Today for problem 1391E - Pairs of Pairs I didn't come up with the clever DFS tree solution, but I found an interesting constructive algorithm instead:

The main idea is to build a path and a pairing at the same time. We will eventually include every node in either the path or the pairing, at which point we're done.

We keep a set of unused nodes, and we repeatedly try to extend the end of our path by adding one of these unused nodes to the end. We can keep making progress until the end node of our path `u`

only has neighbors that are either already in our path or already in our pairing. When this occurs, we take `u`

and pair it with any unused node `v`

, and then we add this pair to our pairing.

What if this makes the pairing invalid? In that case, since none of our pairs have an edge directly in between them, there must be two other nodes `a`

and `b`

such that at least 3 of these 4 edges exist: `u-a`

, `u-b`

, `v-a`

, `v-b`

. In particular, this means either `u-a-v`

or `u-b-v`

exists as a path, so we can remove the `a, b`

pair and use this to extend our path instead. We can show that this process will monotonically make progress toward our goal state of having every node in either the path or the pairing. But how do we check efficiently whether the pairing becomes invalid? Instead of iterating over every pair, we can iterate over the neighbors of `u`

and check only the pairs containing any of those neighbors.
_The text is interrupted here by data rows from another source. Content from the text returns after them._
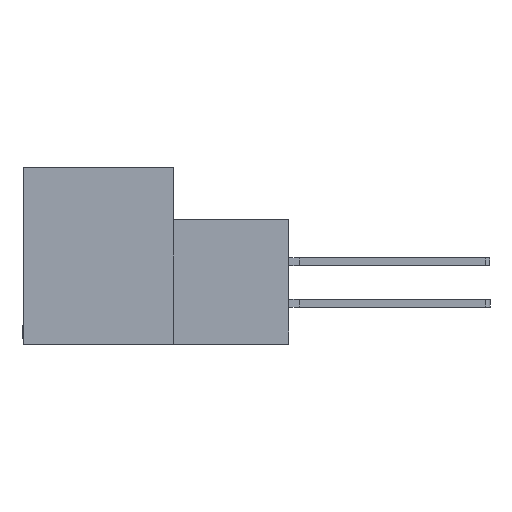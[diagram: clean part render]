
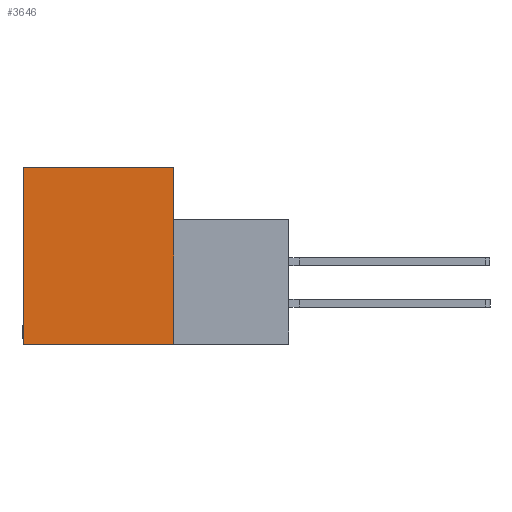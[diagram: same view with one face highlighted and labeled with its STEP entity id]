
A CAD part, left-side view. The second image highlights one B-rep face of the part: STEP entity #3646.
In plain terms, the highlighted planar face has unit normal (-1, 0, 0).
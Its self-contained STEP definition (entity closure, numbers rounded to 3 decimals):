
#1617 = VECTOR ( 'NONE', #26634, 1000. ) ;
#2504 = VECTOR ( 'NONE', #3730, 1000. ) ;
#2789 = CARTESIAN_POINT ( 'NONE',  ( 0., 11.506, -13.487 ) ) ;
#2952 = VERTEX_POINT ( 'NONE', #24404 ) ;
#3646 = ADVANCED_FACE ( 'NONE', ( #23616 ), #9068, .F. ) ;
#3730 = DIRECTION ( 'NONE',  ( 0., 1., 0. ) ) ;
#4401 = CARTESIAN_POINT ( 'NONE',  ( 0., 11.506, -13.487 ) ) ;
#4984 = CARTESIAN_POINT ( 'NONE',  ( 0., 0., 0. ) ) ;
#6077 = LINE ( 'NONE', #4401, #13718 ) ;
#6544 = EDGE_LOOP ( 'NONE', ( #14415, #21133, #28511, #32094 ) ) ;
#7548 = LINE ( 'NONE', #17701, #33193 ) ;
#9068 = PLANE ( 'NONE',  #10633 ) ;
#9191 = CARTESIAN_POINT ( 'NONE',  ( 0., 0., 0. ) ) ;
#9799 = DIRECTION ( 'NONE',  ( 0., -1., 0. ) ) ;
#9981 = EDGE_CURVE ( 'NONE', #24140, #32340, #15956, .T. ) ;
#10633 = AXIS2_PLACEMENT_3D ( 'NONE', #14174, #11541, #25524 ) ;
#11541 = DIRECTION ( 'NONE',  ( 1., 0., 0. ) ) ;
#13377 = CARTESIAN_POINT ( 'NONE',  ( 0., 0., -13.487 ) ) ;
#13718 = VECTOR ( 'NONE', #31297, 1000. ) ;
#14174 = CARTESIAN_POINT ( 'NONE',  ( 0., 0., 0. ) ) ;
#14415 = ORIENTED_EDGE ( 'NONE', *, *, #20514, .F. ) ;
#14477 = CARTESIAN_POINT ( 'NONE',  ( 0., -8.814, -13.487 ) ) ;
#15956 = LINE ( 'NONE', #4984, #1617 ) ;
#17495 = VERTEX_POINT ( 'NONE', #2789 ) ;
#17701 = CARTESIAN_POINT ( 'NONE',  ( 0., 11.506, 0. ) ) ;
#17807 = EDGE_CURVE ( 'NONE', #17495, #2952, #6077, .T. ) ;
#20514 = EDGE_CURVE ( 'NONE', #32340, #17495, #31088, .T. ) ;
#21133 = ORIENTED_EDGE ( 'NONE', *, *, #9981, .F. ) ;
#23616 = FACE_OUTER_BOUND ( 'NONE', #6544, .T. ) ;
#24140 = VERTEX_POINT ( 'NONE', #9191 ) ;
#24404 = CARTESIAN_POINT ( 'NONE',  ( 0., 11.506, 0. ) ) ;
#25524 = DIRECTION ( 'NONE',  ( 0., 0., -1. ) ) ;
#26329 = EDGE_CURVE ( 'NONE', #2952, #24140, #7548, .T. ) ;
#26634 = DIRECTION ( 'NONE',  ( 0., 0., -1. ) ) ;
#28511 = ORIENTED_EDGE ( 'NONE', *, *, #26329, .F. ) ;
#31088 = LINE ( 'NONE', #14477, #2504 ) ;
#31297 = DIRECTION ( 'NONE',  ( 0., 0., 1. ) ) ;
#32094 = ORIENTED_EDGE ( 'NONE', *, *, #17807, .F. ) ;
#32340 = VERTEX_POINT ( 'NONE', #13377 ) ;
#33193 = VECTOR ( 'NONE', #9799, 1000. ) ;

The potential issue here is that we could iterate over the neighbors of the same node many times, if we repeatedly get it at the end of our path. So it may be possible to TLE the solution. Can anyone find a case to hack this? Here's the link: 89441355

If you manage to hack it, see whether you can also hack this version that does a bunch of random shuffling to make things less predictable: https://codeforces.com/contest/1391/submission/89459188

I'm also curious whether anyone has a way to fix the solution and make it faster.

I was able to hack both with simple test cases resembling star graphs. The central vertex, with its many dead-end neighbors, is frequently at the end of the working path, and so your code scans over its neighbors many times to find a candidate extension. Result: TLE.

It's definitely possible to modify your solution to pass this kind of testcase, for example by remembering the last candidate extension tried. (See 89463936, test cases 87 and 88.) But I'm not convinced this is enough to avoid more subtle hack attempts.

I see, nice! I had thought that a star graph wouldn't be enough to hack this, but it turns out it actually works. Surprising that the system tests don't have anything like this.

scott_wu and I were looking more at this case and thought of an idea to random shuffle the adjacency lists on the fly: 89473574. It should only take $$$n \log n$$$ iterations on average to handle a star graph. My guess is this version should be a good amount harder to hack.

I did another random sol 89458561 during testing, I have an extra log because I was lazy to code linear sort, but it seems pretty fast, my idea is: take a random dfs tree find the diameter or try pairing consecutive nodes(ordered by depth).